What This Tool Does
This tool sorts lines of text using one of several methods: alphabetical (A–Z or Z–A), numeric (for lists of numbers), by line length, or reverse the original order. Options include case-sensitive sorting, removing duplicates, and locale-aware comparison for accented characters.
Inputs Explained
- Source Text: Paste any multi-line text — one item per line.
- Sort Method: Alphabetical A-Z, Z-A, numeric ascending/descending, by length, or reverse order.
- Case Sensitive: When checked, uppercase letters sort before lowercase.
- Remove Duplicates: Optional deduplication after sorting.
How It Works
The text is split by newlines into an array. The chosen sort method is applied using JavaScript's Array.sort with a custom comparator. Alphabetical uses localeCompare for proper handling of accents and Unicode. Numeric sort parses each line as a number. Length sort compares string lengths.
Formula / Logic Used
Sort Lines Alphabetically
Sort any list of lines alphabetically, numerically, by length, or reverse order.
Step-by-Step Example
Input:
banana Apple cherry 10 2 apple
Method: Alphabetical A-Z (case insensitive)
Output:
10 2 Apple apple banana cherry
For numeric sort: 2, 10, Apple, apple, banana, cherry (numbers first in ascending order, text alphabetically after).
Use Cases
- Alphabetize lists: Sort names, products, or tags into alphabetical order for reports and directories.
- Prioritize by length: Find the longest or shortest entries in a list — useful for URL slugs, titles, or tweet drafts.
- Numeric sorting: Sort numeric IDs, quantities, or prices when they're mixed into a text list.
- Reverse order: Flip the order of items quickly — e.g., reverse a timeline or playlist.
- Random shuffle: Shuffle lines to randomize quiz questions, playlists, or team rosters.
Assumptions and Limitations
- Numeric sort treats non-numeric lines as 0 (they cluster at the top/bottom of numeric sort).
- localeCompare uses your browser's default locale — sorting may differ slightly across locales for accented characters.
- Shuffle uses Math.random, which is pseudo-random, not cryptographic.

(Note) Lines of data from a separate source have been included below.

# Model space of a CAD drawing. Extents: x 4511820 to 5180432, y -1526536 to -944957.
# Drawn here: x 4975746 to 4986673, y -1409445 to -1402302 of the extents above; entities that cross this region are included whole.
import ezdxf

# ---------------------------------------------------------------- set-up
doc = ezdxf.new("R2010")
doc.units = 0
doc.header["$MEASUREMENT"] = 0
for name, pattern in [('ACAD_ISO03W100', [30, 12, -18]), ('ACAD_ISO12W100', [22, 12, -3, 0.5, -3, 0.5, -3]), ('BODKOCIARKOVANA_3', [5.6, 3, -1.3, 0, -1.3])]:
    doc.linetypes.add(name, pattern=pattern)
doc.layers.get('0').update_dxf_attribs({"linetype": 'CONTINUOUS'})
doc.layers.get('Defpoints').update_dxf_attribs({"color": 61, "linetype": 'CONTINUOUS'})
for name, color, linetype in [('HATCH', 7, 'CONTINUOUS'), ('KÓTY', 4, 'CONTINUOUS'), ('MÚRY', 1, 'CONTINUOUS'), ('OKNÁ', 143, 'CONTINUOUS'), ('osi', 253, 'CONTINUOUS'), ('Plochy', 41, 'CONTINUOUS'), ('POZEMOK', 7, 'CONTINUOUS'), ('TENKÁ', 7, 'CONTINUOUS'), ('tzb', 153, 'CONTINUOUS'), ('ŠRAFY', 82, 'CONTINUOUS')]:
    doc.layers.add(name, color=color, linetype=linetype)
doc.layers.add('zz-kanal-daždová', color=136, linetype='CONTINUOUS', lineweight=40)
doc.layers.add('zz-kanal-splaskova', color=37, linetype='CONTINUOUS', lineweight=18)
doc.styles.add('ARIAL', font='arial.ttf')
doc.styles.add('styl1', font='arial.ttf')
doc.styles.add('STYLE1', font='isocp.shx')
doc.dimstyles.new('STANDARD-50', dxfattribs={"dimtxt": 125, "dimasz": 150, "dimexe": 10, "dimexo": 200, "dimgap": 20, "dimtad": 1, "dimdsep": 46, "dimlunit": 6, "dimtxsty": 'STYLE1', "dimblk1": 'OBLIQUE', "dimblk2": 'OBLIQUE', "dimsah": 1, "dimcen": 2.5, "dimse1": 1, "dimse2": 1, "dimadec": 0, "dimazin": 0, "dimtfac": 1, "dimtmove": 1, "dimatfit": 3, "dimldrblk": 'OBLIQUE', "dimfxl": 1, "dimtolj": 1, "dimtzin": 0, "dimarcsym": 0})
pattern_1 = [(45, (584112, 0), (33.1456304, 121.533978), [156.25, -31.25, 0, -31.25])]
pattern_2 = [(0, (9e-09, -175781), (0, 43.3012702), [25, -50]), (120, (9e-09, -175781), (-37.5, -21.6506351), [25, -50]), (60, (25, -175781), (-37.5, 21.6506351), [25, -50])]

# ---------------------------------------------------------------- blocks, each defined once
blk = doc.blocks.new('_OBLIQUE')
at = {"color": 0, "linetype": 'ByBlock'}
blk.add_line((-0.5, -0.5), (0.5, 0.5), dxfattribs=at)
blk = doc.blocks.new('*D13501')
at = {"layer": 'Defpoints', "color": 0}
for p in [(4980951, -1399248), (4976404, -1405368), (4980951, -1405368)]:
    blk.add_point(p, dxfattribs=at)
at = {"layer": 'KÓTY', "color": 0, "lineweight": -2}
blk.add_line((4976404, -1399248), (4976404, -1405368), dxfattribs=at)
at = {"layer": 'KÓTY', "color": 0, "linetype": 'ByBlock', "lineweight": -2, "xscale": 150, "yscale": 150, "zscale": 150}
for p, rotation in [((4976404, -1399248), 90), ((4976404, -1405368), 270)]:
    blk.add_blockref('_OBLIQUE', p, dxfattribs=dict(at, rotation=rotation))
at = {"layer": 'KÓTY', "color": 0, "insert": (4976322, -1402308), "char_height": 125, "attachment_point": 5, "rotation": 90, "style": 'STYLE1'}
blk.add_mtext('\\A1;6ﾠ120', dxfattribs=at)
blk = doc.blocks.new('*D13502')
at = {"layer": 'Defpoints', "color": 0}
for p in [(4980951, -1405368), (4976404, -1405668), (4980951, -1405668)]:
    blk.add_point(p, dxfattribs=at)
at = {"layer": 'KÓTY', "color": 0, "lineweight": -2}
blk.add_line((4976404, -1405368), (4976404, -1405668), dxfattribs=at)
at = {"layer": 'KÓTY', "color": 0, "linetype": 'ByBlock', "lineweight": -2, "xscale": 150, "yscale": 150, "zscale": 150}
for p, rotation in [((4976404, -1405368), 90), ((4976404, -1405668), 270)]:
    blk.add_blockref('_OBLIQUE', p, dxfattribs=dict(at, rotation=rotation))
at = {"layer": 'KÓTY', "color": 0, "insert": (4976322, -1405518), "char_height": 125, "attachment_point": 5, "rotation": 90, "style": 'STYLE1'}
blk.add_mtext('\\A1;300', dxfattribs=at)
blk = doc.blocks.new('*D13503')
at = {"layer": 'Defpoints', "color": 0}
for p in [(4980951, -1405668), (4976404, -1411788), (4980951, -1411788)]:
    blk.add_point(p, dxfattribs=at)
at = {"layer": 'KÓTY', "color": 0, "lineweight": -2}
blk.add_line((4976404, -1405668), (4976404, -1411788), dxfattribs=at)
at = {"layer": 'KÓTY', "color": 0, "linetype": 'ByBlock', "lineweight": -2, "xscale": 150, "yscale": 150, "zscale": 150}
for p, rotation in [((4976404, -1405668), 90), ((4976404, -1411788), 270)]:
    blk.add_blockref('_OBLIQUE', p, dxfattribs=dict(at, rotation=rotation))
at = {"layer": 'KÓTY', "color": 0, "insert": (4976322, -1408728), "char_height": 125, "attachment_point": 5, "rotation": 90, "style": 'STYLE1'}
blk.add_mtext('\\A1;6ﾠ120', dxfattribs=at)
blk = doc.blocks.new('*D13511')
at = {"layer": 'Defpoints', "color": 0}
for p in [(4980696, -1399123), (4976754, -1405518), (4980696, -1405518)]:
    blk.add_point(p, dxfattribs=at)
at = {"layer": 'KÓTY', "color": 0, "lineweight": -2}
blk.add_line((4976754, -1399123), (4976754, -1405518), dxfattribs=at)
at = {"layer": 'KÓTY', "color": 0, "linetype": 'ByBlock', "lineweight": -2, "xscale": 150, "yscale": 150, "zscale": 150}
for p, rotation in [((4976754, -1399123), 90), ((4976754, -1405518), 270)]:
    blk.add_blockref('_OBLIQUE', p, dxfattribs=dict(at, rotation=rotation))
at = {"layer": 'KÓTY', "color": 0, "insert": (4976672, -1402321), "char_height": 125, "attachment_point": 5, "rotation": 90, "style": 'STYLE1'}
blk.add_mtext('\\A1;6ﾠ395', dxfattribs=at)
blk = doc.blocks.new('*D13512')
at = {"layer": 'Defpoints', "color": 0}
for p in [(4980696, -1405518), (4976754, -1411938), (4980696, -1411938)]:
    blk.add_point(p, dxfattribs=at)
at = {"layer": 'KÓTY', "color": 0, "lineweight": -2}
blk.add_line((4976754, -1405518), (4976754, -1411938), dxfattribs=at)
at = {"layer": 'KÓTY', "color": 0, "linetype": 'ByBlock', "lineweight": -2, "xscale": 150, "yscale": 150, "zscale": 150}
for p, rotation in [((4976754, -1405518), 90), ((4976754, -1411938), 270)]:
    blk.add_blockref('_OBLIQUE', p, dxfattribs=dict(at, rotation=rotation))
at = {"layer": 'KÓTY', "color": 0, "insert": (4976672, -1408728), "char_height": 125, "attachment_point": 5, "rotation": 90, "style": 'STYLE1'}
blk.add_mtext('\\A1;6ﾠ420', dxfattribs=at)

For fair raffles, use a verifiable RNG.
- Stable sort is guaranteed in modern browsers, so equal keys preserve their relative input order.
Frequently Asked Questions
How does the alphabetical sort handle uppercase vs lowercase?
By default, the sort is case-insensitive — 'Apple' and 'apple' are grouped together. Enable 'Case sensitive sort' to put uppercase letters before lowercase in the output.
Why are my numbers sorting as '1, 10, 2, 20'?
That's alphabetical order. Use 'Numeric' sort to get the correct 1, 2, 10, 20 order. Alphabetical sort compares character by character — '1' comes before '2' but '10' comes between '1' and '2' because it starts with '1'.
What happens to empty lines?
By default, empty lines are removed before sorting. Uncheck 'Remove empty lines' to keep them — they'll sort to the top of alphabetical order since empty strings sort first.
Is the sort stable?
Yes. Modern JavaScript engines guarantee stable sort — when two lines compare equal, their relative input order is preserved. This matters when sorting by one key but wanting to retain another implicit order.
How does Unicode sorting work?
Case-insensitive sort uses localeCompare, which is Unicode-aware and handles accented characters (é sorts near e). Case-sensitive sort uses raw codepoint comparison, which may order accented characters differently.
Can I sort by something other than the whole line?
This tool sorts whole lines. For column-based sorting (like sorting CSV by a specific column), use a spreadsheet tool like Excel or Google Sheets.
How random is the shuffle?
It uses the Fisher-Yates shuffle with Math.random, which is unbiased and suitable for most casual use. For cryptographically random shuffles (e.g., lottery), use a tool built on crypto.getRandomValues.
Is my data saved?
No. All sorting runs entirely in your browser. Text never leaves your device and is not logged anywhere.
Sources and References
- MDN — Array.prototype.sort — JavaScript array sorting reference.
- MDN — String.prototype.localeCompare — Locale-aware string comparison.
- Wikipedia — Fisher-Yates Shuffle — The algorithm used for unbiased random shuffling.
- ECMAScript Specification — Sort — The official spec guaranteeing stable sort in modern engines.